As described above, when the distance between the signal surface of the optical disc and the objective lens coincides with the focal length as described above, the reflected light is reflected by the luminous flux of the focusing lens 10 of FIG. (11) is incident on the light beam b in equilibrium with the light beam b, and it forms an image in the center of the two-segment photodetector 2, whereby the output difference signal of the photodetector 2 is zero and is detected to be in a steady state. Likewise, when the distance between the objective lens and the information surface of the optical disk is closer than the focal length of the objective lens, the light beam is incident on the focusing lens 10 with the light beam a. At this time, the light blocking film 3 formed on the rear surface of the focusing lens 10 is The tip portion 31 coincides with the optical axis 11 so that the light beam incident on one side of the optical axis 11 (lower in FIG. 2 (a)) is completely blocked and darkened in the above-described two-segment photodetector 2. It is divided into a part and a stepped part, as shown in (A) of FIG. 2 (c). The output difference signal becomes + (or-) to the two-segment photodetector 2, thereby correcting the focus error.

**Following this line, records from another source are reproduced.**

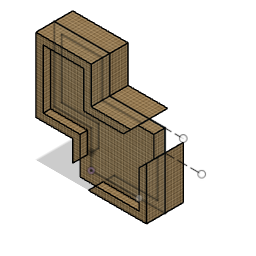
3d07 v12 (Autodesk Fusion 360 design; units mm, degrees)
Autodesk Fusion 360 part; units mm, degrees
sketch "Sketch1" plane through (0, 0, 0) normal (0, 0, 1) x (1, 0, 0)
  line L0 (0, 0) -> (40, 0)
  line L1 (40, 0) -> (40, 40)
  line L2 (40, 40) -> (10, 40)
  line L3 (0, 20) -> (0, 0)
  line L4 (-20, 60) -> (10, 60)
  line L5 (0, 20) -> (-20, 20)
  line L6 (-20, 20) -> (-20, 60)
  line L7 (-16, 56) -> (6, 56)
  line L8 (6, 56) -> (6, 36)
  line L9 (4, 24) -> (-16, 24)
  line L10 (-16, 24) -> (-16, 56)
  line L11 (6, 36) -> (27.5, 36)
  line L12 (36, 24.2786) -> (36, 4)
  line L13 (36, 4) -> (12.5, 4)
  line L14 (4, 12.5) -> (4, 24)
  line L15 (10, 60) -> (10, 40)
  line L16 (31.5, 40) -> (27.5, 36)
  line L17 (31.5, 40) -> (49.9198, 40) construction
  line L18 (40, 28.2786) -> (36, 24.2786)
  line L19 (40, 28.2786) -> (59.9507, 28.2786) construction
  line L20 (0, 8.5) -> (4, 12.5)
  line L21 (8.5, 0) -> (12.5, 4)
  line L22 (8.5, 0) -> (25.9429, 0) construction
  dimension "d1" = 40
  dimension "d3" = 30
  dimension "d4" = 40
  dimension "d5" = 30
  dimension "d6" = 60
  dimension "d7" = 22
  dimension "d8" = 32
  dimension "d9" = 4
  dimension "d10" = 4
  dimension "d13" = 4
  dimension "d14" = 4
  dimension "d18" = 4
  dimension "d19" = 90
  dimension "d20" = 90
  dimension "d21" = 32
  dimension "d22" = 32
  dimension "d23" = 135
  dimension "d24" = 135
  dimension "d26" = 45
  dimension "d27" = 12.0208
  dimension "d28" = 45
  dimension "d29" = 135
  dimension "d30" = 4
  dimension "d31" = 5.6569
  dimension "d32" = 45
  dimension "d33" = 45
  dimension "d34" = 2.2779
  dimension "d35" = 27.5
  dimension "d36" = 44.5477
  constraint horizontal L0
  constraint vertical L1
  constraint horizontal L2
  constraint vertical L3
  constraint coincident L0.start L3.end
  constraint horizontal L4
  constraint vertical L15
  constraint horizontal L5
  constraint vertical L6
  constraint horizontal L7
  constraint vertical L8
  constraint horizontal L9
  constraint vertical L10
  constraint horizontal L11
  constraint vertical L12
  constraint horizontal L13
  constraint vertical L14
  constraint coincident L3 L20.start
  constraint coincident L0 L21.start
  constraint coincident L2 L16.start
  constraint coincident L1 L18.start
  constraint horizontal L17
  constraint horizontal L19
  constraint horizontal L22
  measures "d1" distance of L0.start L0.end
  measures "d3" distance of L4.start L4.end
  measures "d4" distance of L4.start L5.end
  measures "d5" horizontal distance of L1.end L4.end
  measures "d6" vertical distance of L0.start L4.start
  measures "d7" distance of L7.start L7.end
  measures "d8" distance of L7.start L9.end
  measures "d9" distance of L6 L10
  measures "d10" distance of L5 L9
  measures "d13" distance of L3 L14
  measures "d14" distance of L0 L13
  measures "d18" distance of L2 L11
  measures "d19" angle of L11 L14
  measures "d20" angle of L11 L12
  measures "d21" distance of L11 L13
  measures "d22" distance of L12 L14
  measures "d23" angle of L16 L17
  measures "d24" angle of L18 L19
  measures "d26" angle of L21 L22
  measures "d27" distance of L20 L21
  measures "d28" angle of L12 L20
  measures "d29" angle of L0 L21
  measures "d30" vertical distance of L21.start L13.end
  measures "d31" distance of L21.start L13.end
  measures "d32" angle of L1 L16
  measures "d33" angle of L8 L18
  measures "d34" distance of L18 L21
  measures "d35" horizontal distance of L18.start L13.end
  measures "d36" distance of L20.start L16.start
extrude "Extrude2" add sketch "Sketch1" along normal blind 6 contours L0 L1 L2 L3 L7 L8 L9 L10 L11 L12 L13 L14 L16 L18 L20 L21 makes body 1
extrude "Extrude1" add sketch "Sketch1" along normal mid plane 20 separate body contours L0 L1 L12 L13 L18 L21 | L2 L3 L4 L5 L6 L7 L8 L9 L10 L11 L14 L15 L16 L20 makes body 2 at (-20, 33.3333, -3.3333) makes body 3 at (29.5, 0, 3.3333)
sketch "Sketch2" plane through (0, 0, 0) normal (0, 0, 1) x (1, 0, 0)

In addition, in the case of the light beam c, the signal surface of the optical disc is farther than the focal length of the objective lens. In this case, the light beam of one side is blocked by the light shielding film 3 of the focusing lens 10 so that the light beam of one side is blocked. As shown in (C) of (c), the two-segment photodetector 2 is imaged in light and dark, whereby the output difference signal is detected. As a result, a bipolar error signal can be obtained. Therefore, the conventional method using a knife edge plate has a problem that the adjustment is difficult because the knife edge plate must be precisely aligned to the light side, but the present invention is formed by integrally forming a light shielding film on the focusing lens itself, so no such difficult adjustments It is unnecessary, and at the same time, there is an advantage that the assembly is also reduced.

Claims (1)

In the arrangement of the two-segment photodetector 2 at the focal position of the focusing lens 10, the luminous flux 11 and its light beam 11 are placed on the surface of the converging lens 3 facing the two-segment photodetector 2 side. An optical pickup focus error detection device, characterized in that a light shielding film (3) having a matching tip portion (31) is formed on one side.